KSML v0.8: new features for Kafka Streams in Low Code environments
KSML is a wrapper language for Kafka Streams. It allows for easy specification and running of Kafka Streams applications, without requiring Java programming. It was first released in 2021 and is available as open source under the Apache License v2 on Github. Recently version 0.8.0 was released, which brings a number of interesting improvements. In […]
On this page
KSML is a wrapper language for Kafka Streams. It allows for easy specification and running of Kafka Streams applications, without requiring Java programming. It was first released in 2021 and is available as open source under the Apache License v2 on Github.
Recently version 0.8.0 was released, which brings a number of interesting improvements. In this article we will do a quick introduction of KSML and then zoom in on the features in the new release.
Introduction to KSML for Kafka Streams
Kafka Streams provides an easy way for Java developers to write streaming applications. But as powerful as the framework is, the requirement for writing Java code always remained. Even simple operations, like add or removing a field to a Kafka message, require developers to set up new Java projects, create a lot of boilerplate code, set up and maintain build pipelines and manage the application in production.
KSML allows developers to skip most of this work by expressing the desired functionality in YAML. KSML is not intended to be a full replacement of complex Kafka Streams code, or to compete directly with other stream processing frameworks like Flink. It is meant to ease the life of development teams for use cases where simplicity and quick development outweigh the overkill of heavier and more feature-complete frameworks.
One of the main advantages of KSML is that it is fully declarative. This means that common developer responsibilities – like opening and closing connections to Kafka – are handled by the framework. All developers need to worry about is how to transform input messages to output messages. To illustrate this, let’s look at a few common use cases.
Example producer
Before we can process data, we need to have data to process. KSML allows for the specification of data producers, which generate data on-demand and produce it to a specified output topic. Let’s set up one that allows us to process these messages further below.

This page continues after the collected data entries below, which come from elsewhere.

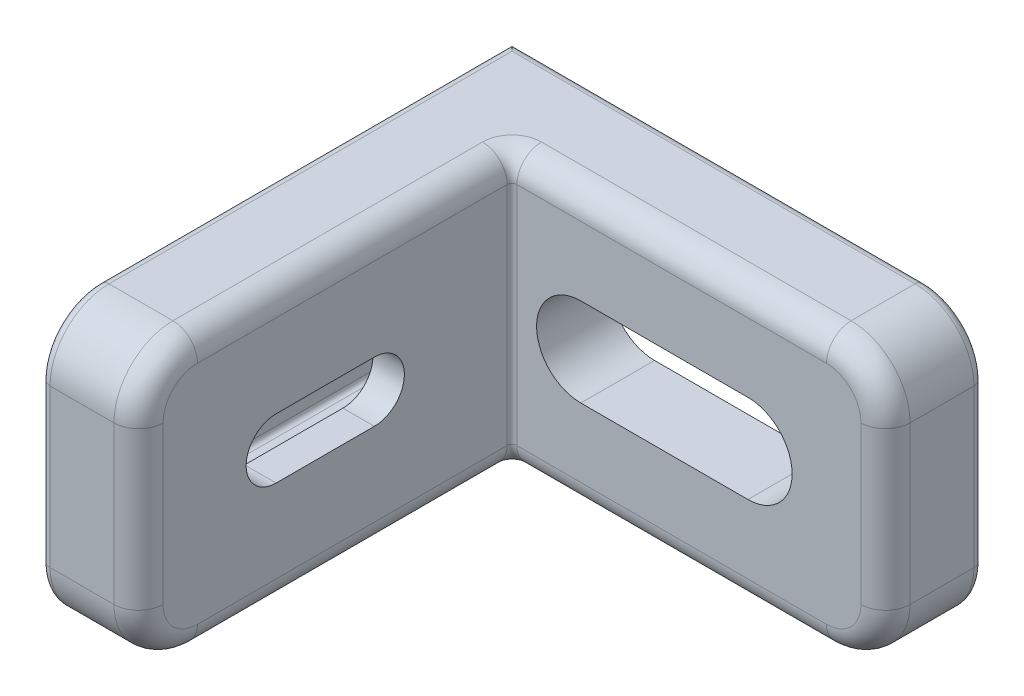
from build123d import *

# Parameters (mm, degrees)
SKETCH1_W           = 48
SKETCH1_H           = 48
BOSS_EXTRUDE1_DEPTH = 28
SKETCH2_W           = 38
SKETCH2_H           = 38
CUT_EXTRUDE1_DEPTH  = 29
SKETCH3_W           = 41
SKETCH3_H           = 16.4
CUT_EXTRUDE2_DEPTH  = 2.5
SKETCH4_W           = 3.6
SKETCH4_H           = 10.7
CUT_EXTRUDE3_DEPTH  = 38.5
CUT_EXTRUDE4_REACH  = 50
CUT_EXTRUDE5_DEPTH  = 42.2
CUT_EXTRUDE6_DEPTH  = 46.5
FILLET1_R           = 6
FILLET2_R           = 0.5
FILLET3_R           = 1
FILLET4_R           = 2.5


with BuildPart() as part:
    # Sketch1 → Boss-Extrude1 (new body)
    with BuildSketch(Plane(origin=(0, 28, 0), x_dir=(1, 0, 0), z_dir=(0, 1, 0))):
        with Locations((24, -24)):
            Rectangle(SKETCH1_W, SKETCH1_H)
    extrude(amount=-BOSS_EXTRUDE1_DEPTH)

    # Sketch2 → Cut-Extrude1 (cut, through all)
    with BuildSketch(Plane(origin=(0, 28, 0), x_dir=(-1, 0, 0), z_dir=(0, 1, 0))):
        with Locations((-29, 29)):
            Rectangle(SKETCH2_W, SKETCH2_H)
    extrude(amount=-CUT_EXTRUDE1_DEPTH, mode=Mode.SUBTRACT)

    # Sketch3 → Cut-Extrude2 (cut)
    with BuildSketch(Plane(origin=(0, 0, 0), x_dir=(-1, 0, 0), z_dir=(0, 0, -1))):
        with Locations((-20.5, 14)):
            Rectangle(SKETCH3_W, SKETCH3_H)
    extrude(amount=-CUT_EXTRUDE2_DEPTH, mode=Mode.SUBTRACT)

    # Sketch4 → Cut-Extrude3 (cut)
    with BuildSketch(Plane(origin=(0, 0, 2.5), x_dir=(-1, 0, 0), z_dir=(0, 0, -1))):
        with Locations((-5, 14)):
            Rectangle(SKETCH4_W, SKETCH4_H)
    extrude(amount=-CUT_EXTRUDE3_DEPTH, mode=Mode.SUBTRACT)

    # Sketch5 → Cut-Extrude4 (cut, up to next)
    with BuildSketch(Plane.ZY, mode=Mode.PRIVATE) as cut_extrude4_sk1:
        with BuildLine():
            Line((2.5, 17.05), (2.5, 10.95))
            Line((2.5, 10.95), (34, 10.95))
            ThreePointArc((34, 10.95), (37.05, 14), (34, 17.05))
            Line((34, 17.05), (2.5, 17.05))
        make_face()
    cut_extrude4_tool1 = extrude(cut_extrude4_sk1.sketch, amount=-CUT_EXTRUDE4_REACH, mode=Mode.PRIVATE) & part.part
    add(cut_extrude4_tool1.solids().sort_by_distance((0, 14, 19.454568))[0], mode=Mode.SUBTRACT)

    # Sketch6 → Cut-Extrude5 (cut, through all)
    with BuildSketch(Plane.ZY.offset(-6.8)):
        with BuildLine():
            Line((34, 17.05), (24, 17.05))
            ThreePointArc((24, 17.05), (20.95, 14), (24, 10.95))
            Line((24, 10.95), (34, 10.95))
            ThreePointArc((34, 10.95), (37.05, 14), (34, 17.05))
        make_face()
    extrude(amount=-CUT_EXTRUDE5_DEPTH, mode=Mode.SUBTRACT)

    # Sketch7 → Cut-Extrude6 (cut, through all)
    with BuildSketch(Plane(origin=(0, 0, 2.5), x_dir=(-1, 0, 0), z_dir=(0, 0, -1))):
        with BuildLine():
            Line((-17, 18.5), (-34, 18.5))
            ThreePointArc((-34, 18.5), (-38.5, 14), (-34, 9.5))
            Line((-34, 9.5), (-17, 9.5))
            ThreePointArc((-17, 9.5), (-12.5, 14), (-17, 18.5))
        make_face()
    extrude(amount=-CUT_EXTRUDE6_DEPTH, mode=Mode.SUBTRACT)

    # Fillet1
    fillet1_edges = [part.edges().sort_by_distance(p)[0] for p in [
        (48, 28, 5),
        (48, 0, 5),
        (5, 28, 48),
        (5, 0, 48),
    ]]
    fillet(fillet1_edges, radius=FILLET1_R)

    # Fillet2
    fillet2_edges = [part.edges().sort_by_distance(p)[0] for p in [
        (10, 14, 10),
        (6.8, 8.65, 21.75),
        (6.8, 19.35, 21.75),
        (3.2, 8.65, 21.75),
    ]]
    fillet(fillet2_edges, radius=FILLET2_R)

    # Fillet3
    fillet3_edges = [part.edges().sort_by_distance(p)[0] for p in [
        (0, 14, 48),
        (21, 0, 0),
        (0, 26.242640687, 46.242640687),
        (0, 1.757359313, 46.242640687),
        (21, 28, 0),
        (48, 14, 0),
        (46.242640687, 26.242640687, 0),
        (46.242640687, 1.757359313, 0),
        (0, 0, 21),
        (0, 28, 21),
    ]]
    fillet(fillet3_edges, radius=FILLET3_R)

    # Fillet4
    fillet4_edges = [part.edges().sort_by_distance(p)[0] for p in [
        (10, 14, 48),
        (10, 26.242640687, 46.242640687),
        (10, 1.757359313, 46.242640687),
        (26.25, 0, 10),
        (26.25, 28, 10),
        (48, 14, 10),
        (46.242640687, 26.242640687, 10),
        (46.242640687, 1.757359313, 10),
        (10, 0, 26.25),
        (10, 28, 26.25),
        (10.146446609, 28, 10.146446609),
        (10.146446609, 0, 10.146446609),
    ]]
    fillet(fillet4_edges, radius=FILLET4_R)


solid = part.part

# This example shows how to generate data and have it sent to a target topic in AVRO format.
functions:
generate_sensordata_message:
type: generator
globalCode: |
import time
import random
sensorCounter = 0
code: |
global sensorCounter
key = "sensor"+str(sensorCounter) # Set the key to return ("sensor0" to "sensor9")
sensorCounter = (sensorCounter+1) % 10 # Increase the counter for next iteration
# Generate some random sensor measurement data
types = { 0: { "type": "AREA", "unit": random.choice([ "m2", "ft2" ]), "value": str(random.randrange(1000)) },
1: { "type": "HUMIDITY", "unit": random.choice([ "g/m3", "%" ]), "value": str(random.randrange(100)) },
2: { "type": "LENGTH", "unit": random.choice([ "m", "ft" ]), "value": str(random.randrange(1000)) },
3: { "type": "STATE", "unit": "state", "value": random.choice([ "off", "on" ]) },
4: { "type": "TEMPERATURE", "unit": random.choice([ "C", "F" ]), "value": str(random.randrange(-100, 100)) }
}
# Build the result value using any of the above measurement types
value = { "name": key, "timestamp": str(round(time.time()*1000)), **random.choice(types) }
value["color"] = random.choice([ "black", "blue", "red", "yellow", "white" ])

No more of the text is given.